A media noche llaman a mi ventana, me levanto, abro, y me echo a temblar. Ante
mí está la Venus de las pieles, casi lo mismo que se me apareció la vez primera.
—Me tiene usted agitada con sus historias; estoy dando vueltas en la cama sin poder
dormir —dijo—. Venga usted a hacerme compañía.
—En seguida.
Cuando entré, Wanda estaba ante la chimenea, donde ardía un pequeño fuego.
—El otoño se anuncia. Las noches son frías. Quizá le disguste a usted, pero no
puedo quitarme la piel antes que la habitación se haya calentado.
—¡Disgustarme! ¡Ah, picara! Bien sabe usted...
Rodeé mi brazo a su alrededor, y la abracé.
—Ya lo sé; pero ¿de dónde ha sacado usted esa pasión por las pieles?

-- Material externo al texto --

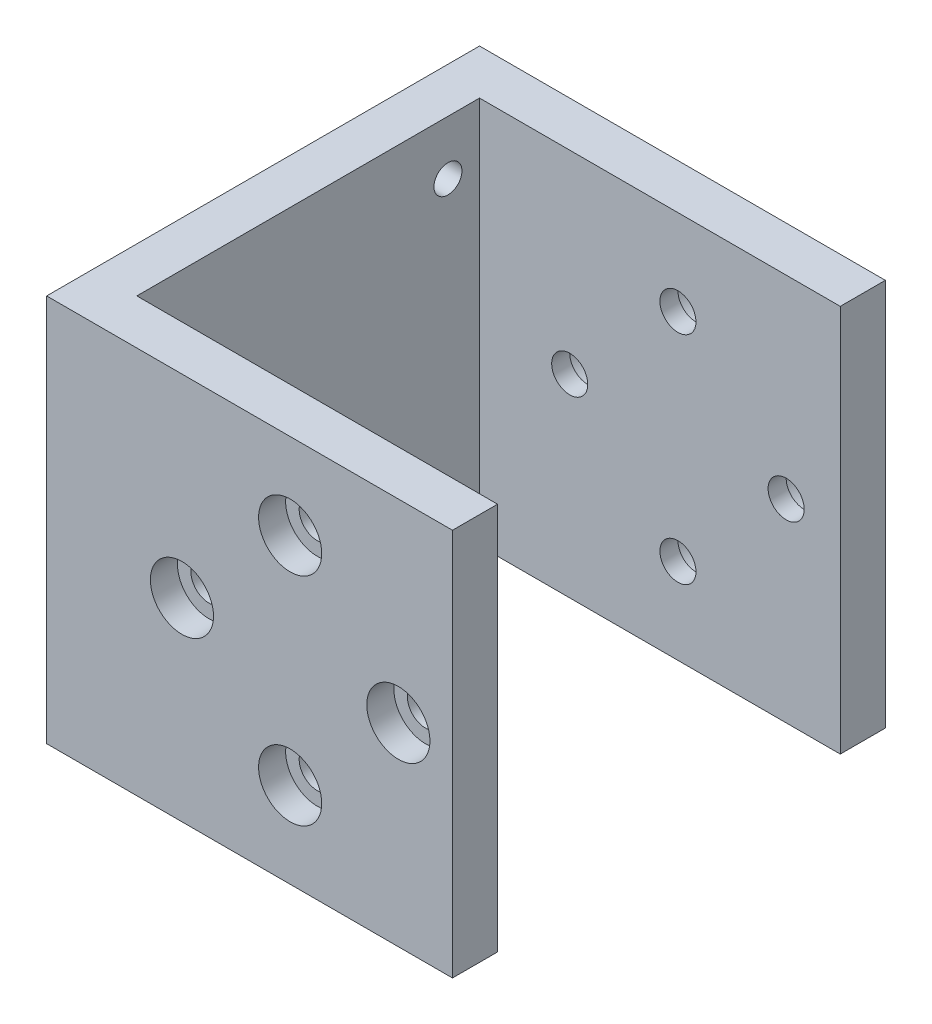
ISO-10303-21;
HEADER;
FILE_DESCRIPTION(('STEP AP214'),'2;1');
FILE_NAME('part.step','',(''),(''),'','','');
FILE_SCHEMA(('AUTOMOTIVE_DESIGN { 1 0 10303 214 1 1 1 1 }'));
ENDSEC;
DATA;
#1=APPLICATION_CONTEXT('core data for automotive mechanical design processes');
#2=APPLICATION_PROTOCOL_DEFINITION('international standard','automotive_design',2000,#1);
#3=PRODUCT_CONTEXT('',#1,'mechanical');
#4=PRODUCT('Part','Part','',(#3));
#5=PRODUCT_RELATED_PRODUCT_CATEGORY('part','',(#4));
#6=PRODUCT_DEFINITION_FORMATION('','',#4);
#7=PRODUCT_DEFINITION_CONTEXT('part definition',#1,'design');
#8=PRODUCT_DEFINITION('design','',#6,#7);
#9=PRODUCT_DEFINITION_SHAPE('','',#8);
#10=(LENGTH_UNIT() NAMED_UNIT(*) SI_UNIT(.MILLI.,.METRE.));
#11=(NAMED_UNIT(*) PLANE_ANGLE_UNIT() SI_UNIT($,.RADIAN.));
#12=(NAMED_UNIT(*) SI_UNIT($,.STERADIAN.) SOLID_ANGLE_UNIT());
#13=UNCERTAINTY_MEASURE_WITH_UNIT(LENGTH_MEASURE(1.E-05),#10,'distance_accuracy_value','');
#14=(GEOMETRIC_REPRESENTATION_CONTEXT(3) GLOBAL_UNCERTAINTY_ASSIGNED_CONTEXT((#13)) GLOBAL_UNIT_ASSIGNED_CONTEXT((#10,
#11,#12)) REPRESENTATION_CONTEXT('',''));
#15=CARTESIAN_POINT('',(0.,0.,0.));
#16=DIRECTION('',(0.,0.,1.));
#17=DIRECTION('',(1.,0.,0.));
#18=AXIS2_PLACEMENT_3D('',#15,#16,#17);
#19=CARTESIAN_POINT('',(15.,0.,24.001));
#20=DIRECTION('',(0.,0.,-1.));
#21=DIRECTION('',(-1.,0.,0.));
#22=AXIS2_PLACEMENT_3D('',#19,#20,#21);
#23=CYLINDRICAL_SURFACE('',#22,2.);
#24=CARTESIAN_POINT('',(15.,0.,-19.));
#25=DIRECTION('',(0.,0.,1.));
#26=DIRECTION('',(1.,0.,0.));
#27=AXIS2_PLACEMENT_3D('',#24,#25,#26);
#28=CIRCLE('',#27,2.);
#29=CARTESIAN_POINT('',(17.,0.,-19.));
#30=VERTEX_POINT('',#29);
#31=EDGE_CURVE('E251',#30,#30,#28,.T.);
#32=ORIENTED_EDGE('',*,*,#31,.T.);
#33=EDGE_LOOP('',(#32));
#34=FACE_BOUND('',#33,.T.);
#35=CARTESIAN_POINT('',(15.,0.,-21.));
#36=DIRECTION('',(0.,0.,-1.));
#37=DIRECTION('',(-1.,0.,0.));
#38=AXIS2_PLACEMENT_3D('',#35,#36,#37);
#39=CIRCLE('',#38,2.);
#40=CARTESIAN_POINT('',(13.,0.,-21.));
#41=VERTEX_POINT('',#40);
#42=EDGE_CURVE('E37',#41,#41,#39,.T.);
#43=ORIENTED_EDGE('',*,*,#42,.T.);
#44=EDGE_LOOP('',(#43));
#45=FACE_BOUND('',#44,.T.);
#46=ADVANCED_FACE('F33',(#34,#45),#23,.F.);
#47=CARTESIAN_POINT('',(27.,-12.,24.001));
#48=DIRECTION('',(0.,0.,-1.));
#49=DIRECTION('',(-1.,0.,0.));
#50=AXIS2_PLACEMENT_3D('',#47,#48,#49);
#51=CYLINDRICAL_SURFACE('',#50,2.);
#52=CARTESIAN_POINT('',(27.,-12.,-19.));
#53=DIRECTION('',(0.,0.,1.));
#54=DIRECTION('',(1.,0.,0.));
#55=AXIS2_PLACEMENT_3D('',#52,#53,#54);
#56=CIRCLE('',#55,2.);
#57=CARTESIAN_POINT('',(29.,-12.,-19.));
#58=VERTEX_POINT('',#57);
#59=EDGE_CURVE('E255',#58,#58,#56,.T.);
#60=ORIENTED_EDGE('',*,*,#59,.T.);
#61=EDGE_LOOP('',(#60));
#62=FACE_BOUND('',#61,.T.);
#63=CARTESIAN_POINT('',(27.,-12.,-21.));
#64=DIRECTION('',(0.,0.,-1.));
#65=DIRECTION('',(-1.,0.,0.));
#66=AXIS2_PLACEMENT_3D('',#63,#64,#65);
#67=CIRCLE('',#66,2.);
#68=CARTESIAN_POINT('',(25.,-12.,-21.));
#69=VERTEX_POINT('',#68);
#70=EDGE_CURVE('E246',#69,#69,#67,.T.);
#71=ORIENTED_EDGE('',*,*,#70,.T.);
#72=EDGE_LOOP('',(#71));
#73=FACE_BOUND('',#72,.T.);
#74=ADVANCED_FACE('F308',(#62,#73),#51,.F.);
#75=CARTESIAN_POINT('',(39.,0.,24.001));
#76=DIRECTION('',(0.,0.,-1.));
#77=DIRECTION('',(-1.,0.,0.));
#78=AXIS2_PLACEMENT_3D('',#75,#76,#77);
#79=CYLINDRICAL_SURFACE('',#78,2.);
#80=CARTESIAN_POINT('',(39.,0.,-19.));
#81=DIRECTION('',(0.,0.,1.));
#82=DIRECTION('',(1.,0.,0.));
#83=AXIS2_PLACEMENT_3D('',#80,#81,#82);
#84=CIRCLE('',#83,2.);
#85=CARTESIAN_POINT('',(41.,0.,-19.));
#86=VERTEX_POINT('',#85);
#87=EDGE_CURVE('E259',#86,#86,#84,.T.);
#88=ORIENTED_EDGE('',*,*,#87,.T.);
#89=EDGE_LOOP('',(#88));
#90=FACE_BOUND('',#89,.T.);
#91=CARTESIAN_POINT('',(39.,0.,-21.));
#92=DIRECTION('',(0.,0.,-1.));
#93=DIRECTION('',(-1.,0.,0.));
#94=AXIS2_PLACEMENT_3D('',#91,#92,#93);
#95=CIRCLE('',#94,2.);
#96=CARTESIAN_POINT('',(37.,0.,-21.));
#97=VERTEX_POINT('',#96);
#98=EDGE_CURVE('E243',#97,#97,#95,.T.);
#99=ORIENTED_EDGE('',*,*,#98,.T.);
#100=EDGE_LOOP('',(#99));
#101=FACE_BOUND('',#100,.T.);
#102=ADVANCED_FACE('F313',(#90,#101),#79,.F.);
#103=CARTESIAN_POINT('',(27.,12.,24.001));
#104=DIRECTION('',(0.,0.,-1.));
#105=DIRECTION('',(-1.,0.,0.));
#106=AXIS2_PLACEMENT_3D('',#103,#104,#105);
#107=CYLINDRICAL_SURFACE('',#106,2.);
#108=CARTESIAN_POINT('',(27.,12.,-19.));
#109=DIRECTION('',(0.,0.,1.));
#110=DIRECTION('',(1.,0.,0.));
#111=AXIS2_PLACEMENT_3D('',#108,#109,#110);
#112=CIRCLE('',#111,2.);
#113=CARTESIAN_POINT('',(29.,12.,-19.));
#114=VERTEX_POINT('',#113);
#115=EDGE_CURVE('E132',#114,#114,#112,.T.);
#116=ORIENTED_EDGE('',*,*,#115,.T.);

—Es innata en mí, y ya de niño di muestras de esta predilección. Además, la piel
ejerce una acción excitante sobre todas las naturalezas nerviosas, casi en general, como
todas las leyes físicas. Es una atracción física, tan extraña como excitante. En estos últimos
tiempos, la ciencia ha descubierto cierto parentesco entre la electricidad y el calor, y la
acción que cada una de estas fuerzas ejerce sobre el organismo humano se aproxima a la de
la otra. La zona tórrida engendra hombres apasionados; una atmósfera caldeada, la
exaltación. Lo mismo ocurre con la electricidad. La compañía de los gatos produce efectos
beneficiosos, que parecen verdaderos sortilegios, para las naturalezas excitables. No me
choca que esos encantadores animales, lindas baterías vivientes de electricidad, fueran
favoritos de Mahoma, de Richelieu, Crébillon, Rousseau, Wieland, etc.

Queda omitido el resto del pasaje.